# Want to convert a utility van into a passenger van.



## Guest (Jan 13, 2008)

Any do's and not do's when placing seats in a 1 ton E350 Ford Van for passengers? I originally bought this van to do electrical work with and never did get around to building shelves and racks inside. But am going to do something different with the electrical business as far as transportation. So, I'm thinking of converting this work van for a recreation van. So my questions are do the back seats all have to face forward and have seat belts? 

I'm thinking that right behind the front seats I might put in a couple of captain chair like seats that would swivel around to a table. Then behind the table would be a long seat and hopefully it would fold down to a bed. If there's such a seat like that. The table would fold up to the wall out of the way when not in use. 

A little mini recreational van is what I'm wanting to convert out of it. Any ideals out there?


----------



## Beeman (Dec 29, 2002)

r.h. in okla. said:


> Any do's and not do's when placing seats in a 1 ton E350 Ford Van for passengers? I originally bought this van to do electrical work with and never did get around to building shelves and racks inside. But am going to do something different with the electrical business as far as transportation. So, I'm thinking of converting this work van for a recreation van. So my questions are do the back seats all have to face forward and have seat belts?
> 
> I'm thinking that right behind the front seats I might put in a couple of captain chair like seats that would swivel around to a table. Then behind the table would be a long seat and hopefully it would fold down to a bed. If there's such a seat like that. The table would fold up to the wall out of the way when not in use.
> 
> A little mini recreational van is what I'm wanting to convert out of it. Any ideals out there?


 Back when vans were popular I converted a van into a custom van camper. The seat belts are a concern and are required but if no one rode in those seats while driving I wouldn't worry about it. I built mine before the seat belt laws and when they came into being I had to add the seatbelts. I used captains chairs in the frt. and lower chairs behind that and they all swiveled. I had a table on a pedestal(pipe) that was removeable. In the back I framed a U shaped couch out of 2x2's and the table dropped in the middle of the U to make a bed. I have a suburban now that has a rear seat that folds down into a bed, it's and aftermarket seat installed at Victory conversions. I would search junk yards and such as vans aren't that popular and many had conversions done to them with seating like you're looking for. You might be able to buy the whole interior for very little if you remove it.


----------



## PyroDon (Jul 30, 2006)

look around in junk yards for an old conversion van .
they often have bench seats that fold out into a bed removable tables and such. also dont over look RV salvage. .
We had an old dodge panel van we put a fold down bed seat in the back added an retractable awning to the side of replaced the front seats with swival captain type seats and had a small removable pedistal table . we used it for camping and boating at the lake before we had kids . 
looked pretty good and was comfortable , we had less than $700 in the hole rig


----------



## Up North (Nov 29, 2005)

Your plan is certainly feasible, and can be done.
However, I would ask you to think about the unique market conditions of the situation. Most cargo vans are purchased new and totally used up and worn out before they are sold. If your cargo van is reasonably servicable, it is a readily salable item and could be sold direct to a private party for a good price due to the relative shortage of used cargo vans in the marketplace.
Then think about the product you wish to make out of this van. Literally thousands of conversion vans, suvs, and camper products were sold over the last 12 years. Due to changes in fuel prices and personal preferences, many of these vehicles are traded in or offerred for sale by private parties. Oversupply of this class of vehicle in the used vehicle marketplace depresses selling prices and makes it a buyers market.

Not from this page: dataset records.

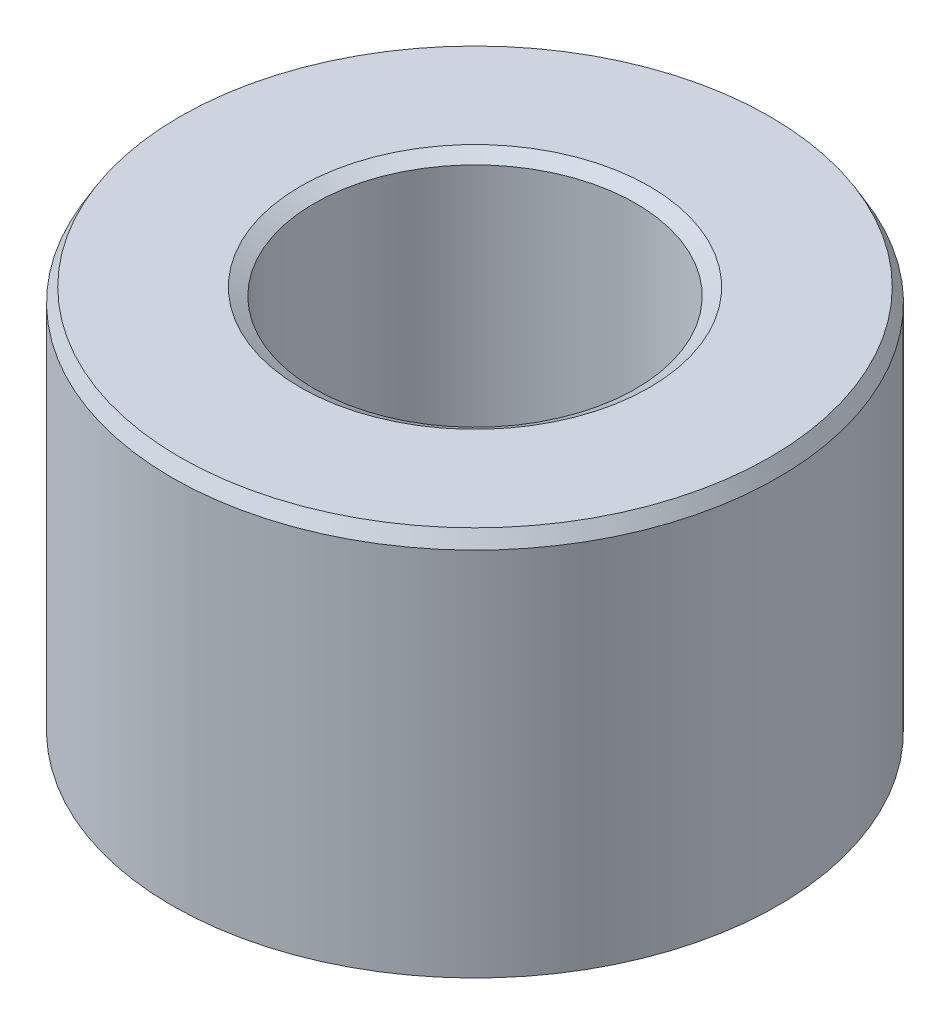
from build123d import *
from OCP.BRepFilletAPI import BRepFilletAPI_MakeChamfer

# Parameters (mm, degrees)
SKETCH1_R           = 7.5
BOSS_EXTRUDE1_DEPTH = 9.708725556
SKETCH2_R           = 3.977741364
CUT_EXTRUDE1_DEPTH  = 15.379129039
CHAMFER1_SIZE       = 0.339976843
CHAMFER1_SIZE2      = 0.196285722


with BuildPart() as part:
    # Sketch1 → Boss-Extrude1 (new body)
    with BuildSketch(Plane(origin=(0, 0, 0), x_dir=(1, 0, 0), z_dir=(0, 1, 0))):
        Circle(SKETCH1_R)
    extrude(amount=BOSS_EXTRUDE1_DEPTH)

    # Sketch2 → Cut-Extrude1 (cut, through all)
    with BuildSketch(Plane(origin=(0, 0, 0), x_dir=(1, 0, 0), z_dir=(0, 1, 0))):
        Circle(SKETCH2_R)
    extrude(amount=CUT_EXTRUDE1_DEPTH, mode=Mode.SUBTRACT)

    # Chamfer1: one chamfer whose edges measure the first distance from different faces: ONE call of the kernel's chamfer builder (chamfer() names one face for all edges)
    chamfer1_edges_1 = [part.edges().sort_by_distance(p)[0] for p in [
        (-3.977741364, 9.708725556, 0),
    ]]
    chamfer1_side_1 = [part.faces().sort_by_distance(p)[0] for p in [
        (-7.287867966, 9.708725556, 0),
    ]]
    chamfer1_edges_2 = [part.edges().sort_by_distance(p)[0] for p in [
        (-3.977741364, 0, 0),
    ]]
    chamfer1_side_2 = [part.faces().sort_by_distance(p)[0] for p in [
        (-3.977741364, 4.854362778, 0),
    ]]
    chamfer1_edges_3 = [part.edges().sort_by_distance(p)[0] for p in [
        (-7.5, 0, 0),
    ]]
    chamfer1_side_3 = [part.faces().sort_by_distance(p)[0] for p in [
        (-7.287867966, 0, 0),
    ]]
    chamfer1_edges_4 = [part.edges().sort_by_distance(p)[0] for p in [
        (-7.5, 9.708725556, 0),
    ]]
    chamfer1_side_4 = [part.faces().sort_by_distance(p)[0] for p in [
        (-7.5, 4.854362778, 0),
    ]]
    chamfer1 = BRepFilletAPI_MakeChamfer(part.part.solid().wrapped)
    for e in chamfer1_edges_1:
        chamfer1.Add(CHAMFER1_SIZE, CHAMFER1_SIZE2, e.wrapped, chamfer1_side_1[0].wrapped)  # the first distance lies on this face
    for e in chamfer1_edges_2:
        chamfer1.Add(CHAMFER1_SIZE, CHAMFER1_SIZE2, e.wrapped, chamfer1_side_2[0].wrapped)  # the first distance lies on this face
    for e in chamfer1_edges_3:
        chamfer1.Add(CHAMFER1_SIZE, CHAMFER1_SIZE2, e.wrapped, chamfer1_side_3[0].wrapped)  # the first distance lies on this face
    for e in chamfer1_edges_4:
        chamfer1.Add(CHAMFER1_SIZE, CHAMFER1_SIZE2, e.wrapped, chamfer1_side_4[0].wrapped)  # the first distance lies on this face
    add(Compound.cast(chamfer1.Shape()), mode=Mode.REPLACE)


solid = part.part

The other consideration is this - An E350 one ton chassis may result in more expense for tires, licensing, and reduced fuel economy due to powertrain configurations used in one ton truck products. Also ride quality may be poorer than in a 3/4 or 1/2 ton chassis used in most conversion vans or people moving vehicles.

Some things to think about. If you wish to convert your van you certainly can though. Just be sure to clarify seat belt laws as the other posters have suggested.


----------



## MushCreek (Jan 7, 2008)

Be careful when drilling holes to mount the seats- there's some expen$ive stuff under there! And make sure you don't have any openings when you're done- you don't want carbon monoxide poisoning.


----------



## Danaus29 (Sep 12, 2005)

We did it with an E 250 extended van. We got an older set that had only lap belts (bench seat). We did have a seat that folded into a bed but dh couldn't get it to fit without major modifications because of the brackets on the seat. The captains chairs with attached seat belts would be great, good luck finding some. 

My stepdad had a wood bed in the back of his old van. It was a single bed, but back before seatbelt laws it doubled as a seat for us kids.

Our "bed" in the back of our cargo van was a piece of plywood on 6 5 gal buckets and an inflatable mattress on that. When our kids were small we took lots of road trips in that van.

If you use the proper brackets and hardware you shouldn't have any problem with exhaust leaking into the van. After all, there are holes and bolts through the floor of passenger vans anyway.

I'd ask dh if he wants to sell our old seat (and the long one from the very back of our passenger van) but right now they are in storage under a bunch of stuff. Besides the long seat from the passenger van won't have the seat belts, they are still in the van.

There should be marks on the undercarriage of the van for the places where the bolt holes are supposed to be. Or they might be on the inside, I can't remember. If you go with the corresponding factory seating configuration you shouldn't have any conflicts with stuff under the floor. You have to take the carpet or padding out too, and it never goes back in right.

Up North, actually our 350 van rides much better than the 250, and takes the same tires, gets better mileage, and actually costs less to license. But the license advantage is because the 350 is a passenger vehicle, the 250 is a cargo.


----------



## OntarioMan (Feb 11, 2007)

I'd agree that looking into a 1/2 or 3/4 ton conversion van may be a better option. Although markets are different everywhere, conversion vans here are plentiful - and if you're willing to go to something 10 years old, they're relatively cheap. One of the nice features of conversion vans is that many folks only use them for recreational purposes, therefore they're fairly low mile vehicles for their age.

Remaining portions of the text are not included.